Quite so. Fundamentalists extrapolated the concept to taking violent action against the person accused of demon possession. The result is that a twisted Christian meme was exorcism. The Jesus Myths has him use word commands to drive out demons. Fundamentalists used beating the victim, starving the victim, other horrible assaults, drowning, and recently the withholding of medications such as insulin, anti-epileptic drugs, anti-psychotic drugs, and water. Many sick people have died from clerical and general fundamentalistic practices that can only be characterised as insane.
Yes, the mythical Jesus did drive out demons, but Christianity isn't about demon hunting. It is about connecting with humanity, both within yourself and in others.
That is your opinion. I disagree respectfully.
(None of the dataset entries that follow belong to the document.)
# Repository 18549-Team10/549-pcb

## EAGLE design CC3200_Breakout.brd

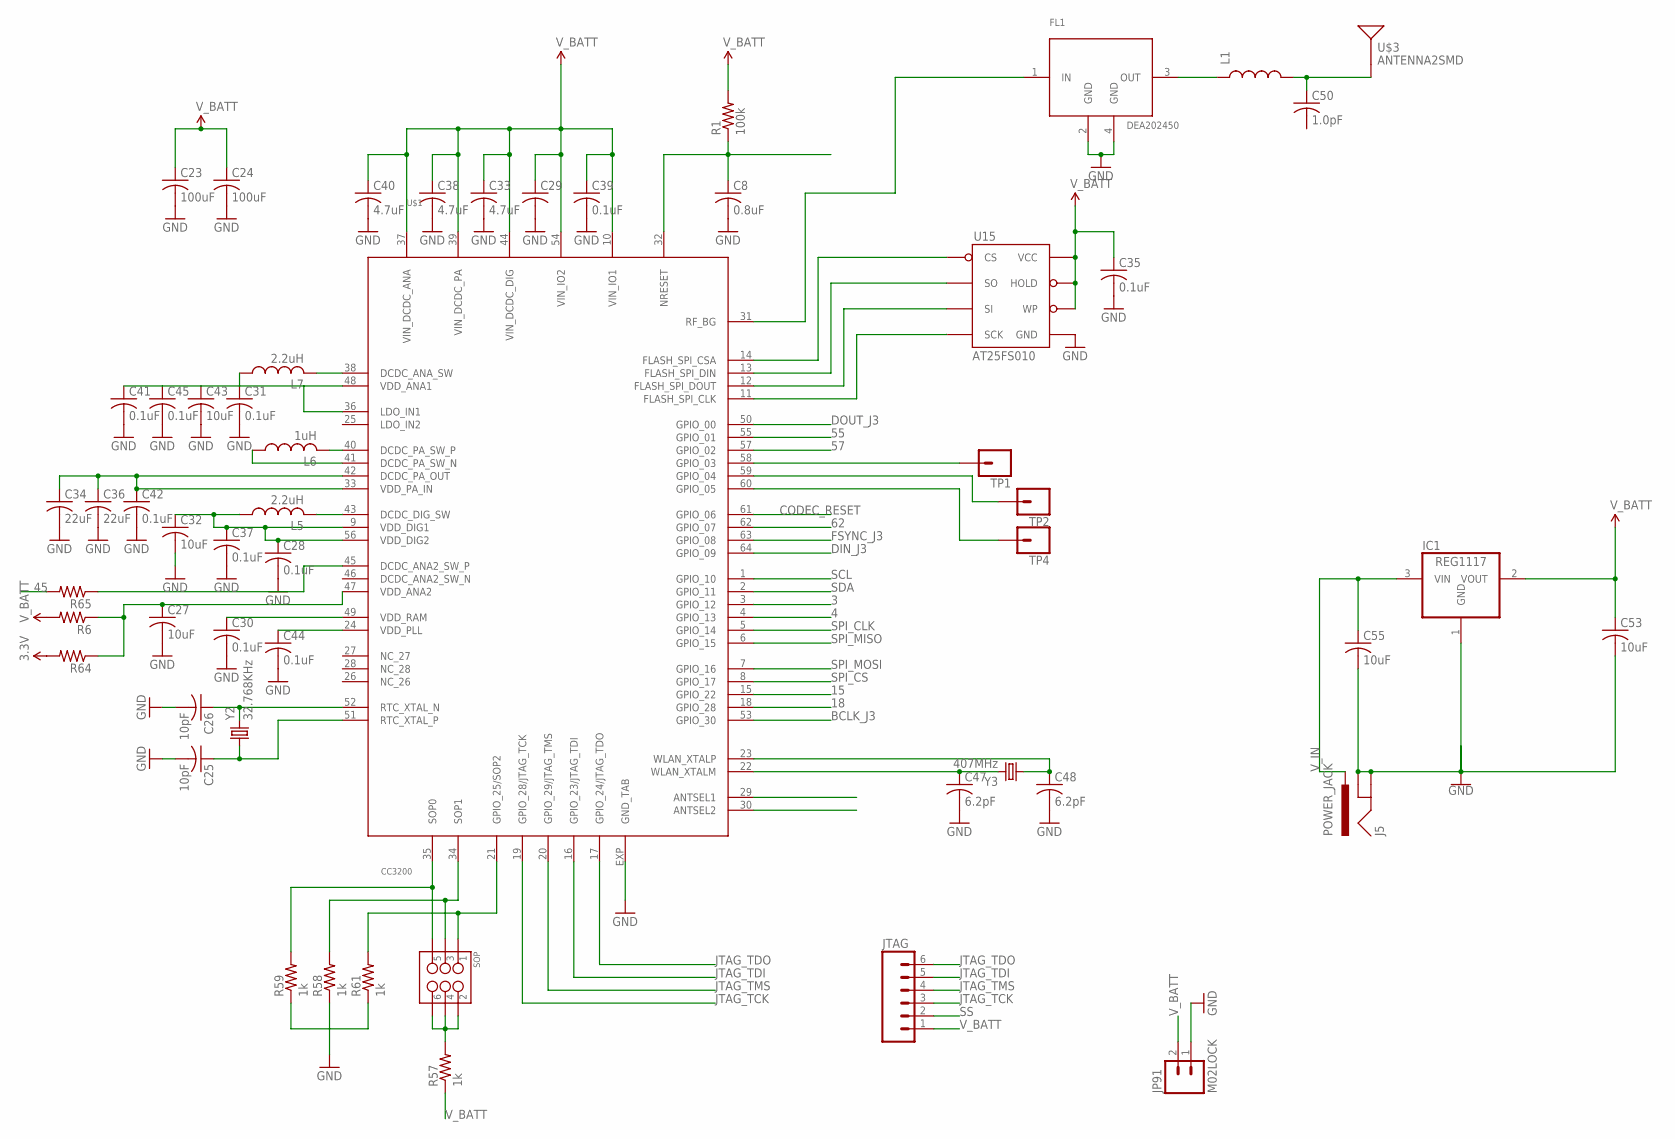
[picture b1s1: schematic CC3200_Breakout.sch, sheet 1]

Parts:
C8: 0.8uF; C0402K
C23, C24: 100uF; C0402K
C25, C26: 10pF; C0402K
C27, C32, C43: 10uF; C0402K
C28, C30, C31, C35, C37, C39, C41, C42, C44, C45: 0.1uF; C0402K
C29: C-USC0402K; C0402K
C33, C38, C40: 4.7uF; C0402K
C34, C36: 22uF; C0402K
C47, C48: 6.2pF; C0402K
C50: 1.0pF; C0402K
C53, C55: 10uF; C1206
FL1: DEA202450
IC1: REG1117; SOT223
J5: POWER_JACK; POWER_JACK_PTH
JP91: M02LOCK; 1X02_LOCK
JTAG: M06SILK_FEMALE_PTH; 1X06
L1: INDUCTOR-SPARKFUN0402; C0402
L5, L7: 2.2uH; L2012C
L6: 1uH; L2012C
R1: 100k; R0402
R6, R64, R65: R-US_R0402; R0402
R57, R58, R59, R61: 1k; R0402
SOP: M03X22X3_SILK_MALE_PTH; 2X3
TP1, TP2, TP4: CONN_01; 1X01
U15: AT25FS010; SO08WIDE
U$1: CC3200; PVQFN-N64
U$3: ANTENNA2SMD; ANTENNA-CHIP2
Y2: 32.768KHz; CRYSTAL-SMD-5X3
Y3: 407MHz; CRYSTAL-SMD-5X3

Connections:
3: U$1.3 (GPIO_12)
3.3V: R64.2
4: U$1.4 (GPIO_13)
15: U$1.15 (GPIO_22)
18: U$1.18 (GPIO_28)
45: R65.2
55: U$1.55 (GPIO_01)
57: U$1.57 (GPIO_02)
58: TP1.1, U$1.58 (GPIO_03)
59: TP2.1, U$1.59 (GPIO_04)
60: TP4.1, U$1.60 (GPIO_05)
62: U$1.62 (GPIO_07)
BCLK_J3: U$1.53 (GPIO_30); also elsewhere on the board
CODEC_RESET: U$1.61 (GPIO_06); also elsewhere on the board
DIN_J3: U$1.64 (GPIO_09); also elsewhere on the board
DOUT_J3: U$1.50 (GPIO_00); also elsewhere on the board
FSYNC_J3: U$1.63 (GPIO_08); also elsewhere on the board
JTAG_TCK: JTAG.3, U$1.19 (GPIO_28/JTAG_TCK)
JTAG_TDI: JTAG.5, U$1.16 (GPIO_23/JTAG_TDI)
JTAG_TDO: JTAG.6, U$1.17 (GPIO_24/JTAG_TDO)
JTAG_TMS: JTAG.4, U$1.20 (GPIO_29/JTAG_TMS)
unnamed: C26.1, U$1.52 (RTC_XTAL_N), Y2.3 (2)
unnamed: C25.1, U$1.51 (RTC_XTAL_P), Y2.1
unnamed: C31.1, C41.1, C43.1, C45.1, L7.1, U$1.36 (LDO_IN1), U$1.48 (VDD_ANA1)
unnamed: L7.2, U$1.38 (DCDC_ANA_SW)
unnamed: R57.2, SOP.2, SOP.4, SOP.6
unnamed: L6.2, U$1.40 (DCDC_PA_SW_P)
unnamed: L6.1, U$1.41 (DCDC_PA_SW_N)
unnamed: FL1.1 (IN), U$1.31 (RF_BG)
unnamed: C34.1, C36.1, C42.1, U$1.33 (VDD_PA_IN), U$1.42 (DCDC_PA_OUT)
unnamed: L5.2, U$1.43 (DCDC_DIG_SW)
unnamed: R65.1, U$1.45 (DCDC_ANA2_SW_P)
unnamed: R59.2, SOP.5, U$1.35 (SOP0)
unnamed: C8.1, R1.1, U$1.32 (NRESET)
unnamed: C28.1, C32.1, C37.1, L5.1, U$1.9 (VDD_DIG1), U$1.56 (VDD_DIG2)
unnamed: C30.1, U$1.49 (VDD_RAM)
unnamed: C44.1, U$1.24 (VDD_PLL)
unnamed: C27.1, R6.1, R64.1, U$1.47 (VDD_ANA2)
unnamed: R58.2, SOP.3, U$1.34 (SOP1)
unnamed: R61.2, SOP.1, U$1.21 (GPIO_25/SOP2)
unnamed: C47.1, U$1.22 (WLAN_XTALM), Y3.3 (2)
unnamed: C48.1, U$1.23 (WLAN_XTALP), Y3.1
unnamed: U15.1 (CS), U$1.14 (FLASH_SPI_CSA)
unnamed: U15.2 (SO), U$1.13 (FLASH_SPI_DIN)
unnamed: U15.5 (SI), U$1.12 (FLASH_SPI_DOUT)
unnamed: U15.6 (SCK), U$1.11 (FLASH_SPI_CLK)
unnamed: FL1.3 (OUT), L1.1
SCL: U$1.1 (GPIO_10); also elsewhere on the board
SDA: U$1.2 (GPIO_11); also elsewhere on the board
SPI_CLK: U$1.5 (GPIO_14)
SPI_CS: U$1.8 (GPIO_17)
SPI_MISO: U$1.6 (GPIO_15)
SPI_MOSI: U$1.7 (GPIO_16)
SS: C8.2, C23.2, C24.2, C25.2, C26.2, C27.2, C28.2, C29.2, C30.2, C31.2, C32.2, C33.2, C34.2, C35.2, C36.2, C37.2, C38.2, C39.2, C40.2, C41.2, C42.2, C43.2, C44.2, C45.2, C47.2, C48.2, C50.1, C53.2, C55.2, FL1.2 (GND), FL1.4 (GND), IC1.1 (GND), J5.GND, J5.GNDBREAK, JP91.1, JTAG.2, L1.2, R58.1, R59.1, R61.1, U15.4 (GND), U$1.EXP (GND_TAB), U$3.FEED; also elsewhere on the board
V_BATT: C23.1, C24.1, C29.1, C33.1, C35.1, C38.1, C39.1, C40.1, C53.1, IC1.2 (VOUT), JP91.2, JTAG.1, R1.2, R6.2, R57.1, U15.3 (WP), U15.7 (HOLD), U15.8 (VCC), U$1.10 (VIN_IO1), U$1.37 (VIN_DCDC_ANA), U$1.39 (VIN_DCDC_PA), U$1.44 (VIN_DCDC_DIG), U$1.54 (VIN_IO2)
V_IN: C55.1, IC1.3 (VIN), J5.PWR

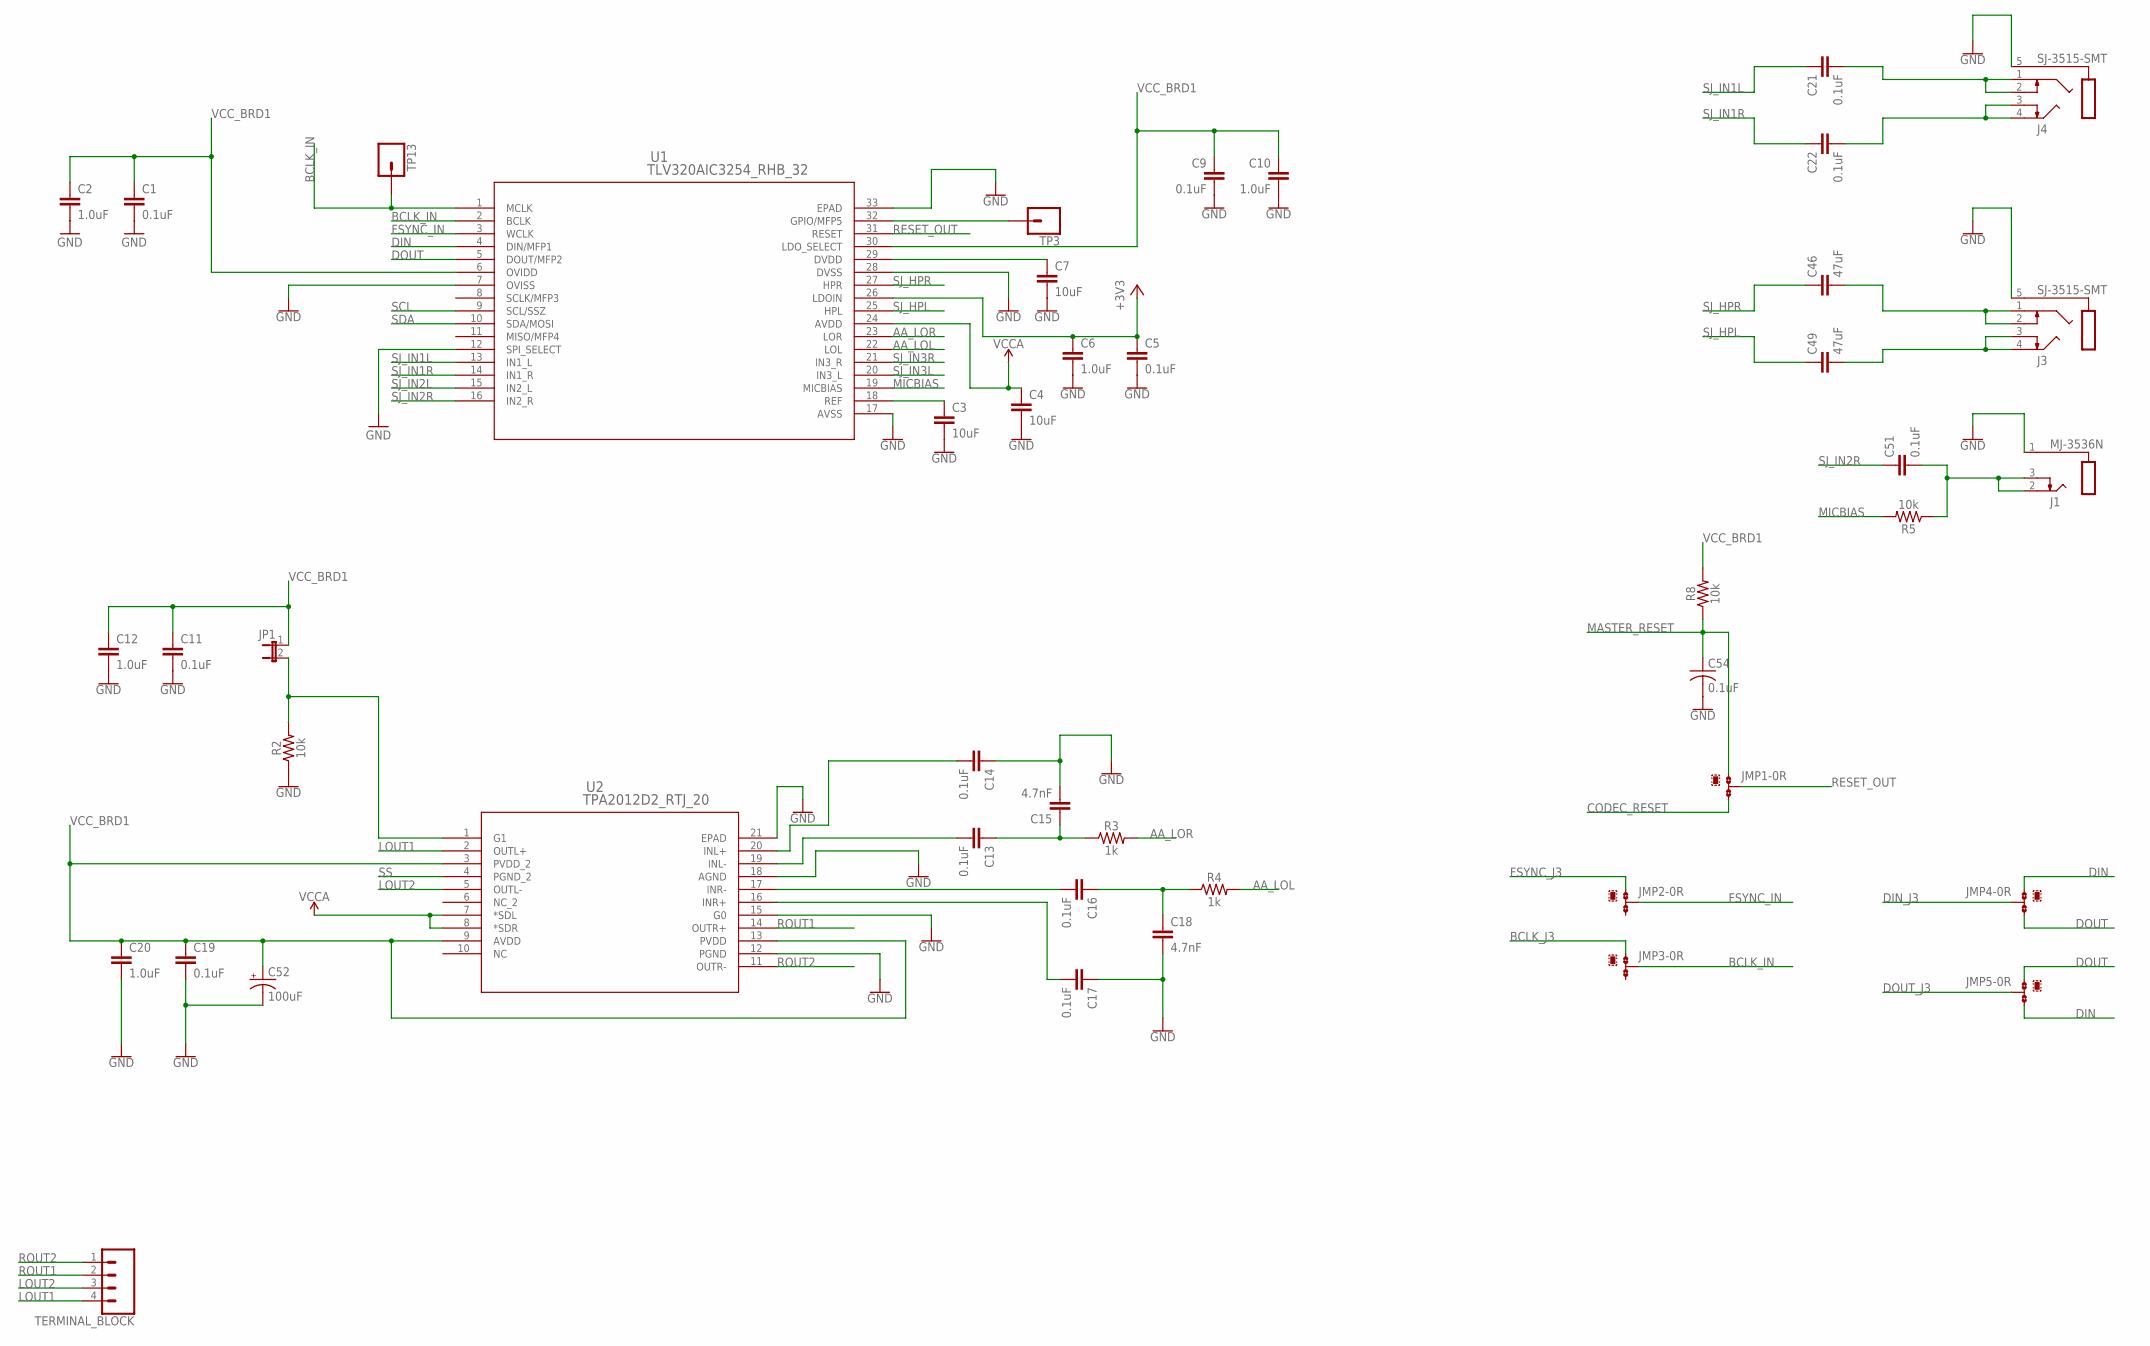
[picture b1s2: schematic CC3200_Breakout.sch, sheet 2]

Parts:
C1, C5, C9, C11, C13, C14, C16, C17, C19, C21, C22, C51: 0.1uF; 0402
C2, C6, C10, C12, C20: 1.0uF; 0402
C3, C4, C7: 10uF; 0603
C15, C18: 4.7nF; 0603
C46, C49: 47uF; 0603
C52: 100uF; PANASONIC_D
C54: 0.1uF; C0402K
J1: MJ-3536N
J3, J4: SJ-3515-SMT
JMP1, JMP2, JMP3, JMP4, JMP5: 0R-JUMPA; A0R-JMP
JP1: JUMPER-2PTH; 1X02
R2, R5, R8: 10k; 0603
R3, R4: 1k; 0603
TERMINAL_BLOCK: CONN_04JST-PTH; JST-4-PTH
TP3, TP13: CONN_01; 1X01
U1: TLV320AIC3254_RHB_32; RHB32_3P45X3P45
U2: TPA2012D2_RTJ_20; RTJ20_2P7X2P7

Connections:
+3V3: C5.1, C6.1, U1.26 (LDOIN)
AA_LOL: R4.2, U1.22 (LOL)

Who are the Christians who at the orders of Theodosius I, Theodosius II, and kings carried out extermination and persecution on Pagans, Older Jesus Followers, Gnostics, and other Christians (Arians, Nestorians, Monophysites, Pelagians, Donatists, Hussites, and Cathars)?
Are the Protestant Witch Hunters of Europe and America, Christians? Were the savage wars between Lutherans and Catholics (30 years War) done by Christians? Are the Americans who nearly exterminated the Native (Indians) while indoctrinating Indian children in prison like schools, where they were flogged for speaking Native Languages or talking Indian Culture/Religion?
Again, these people you are describing are fundamentalists because they believe they have to act out and live out every single concept they can find in the book, without which they supposedly cannot be Christian. But that isn't socially practical. These people aren't thinking about what it means to be human. No, they are deliberately seeking out these "demons" for sport.
I agree. The point is that I remember as a lad people identified as Anglican, Catholic, Calvinist/Covenanters, or Lutherans. The recent use of the word "Christian" by angry and aggressive fundamentalists, excluding all other denominations makes us suspicious of the word "Christian" when one identifies as such.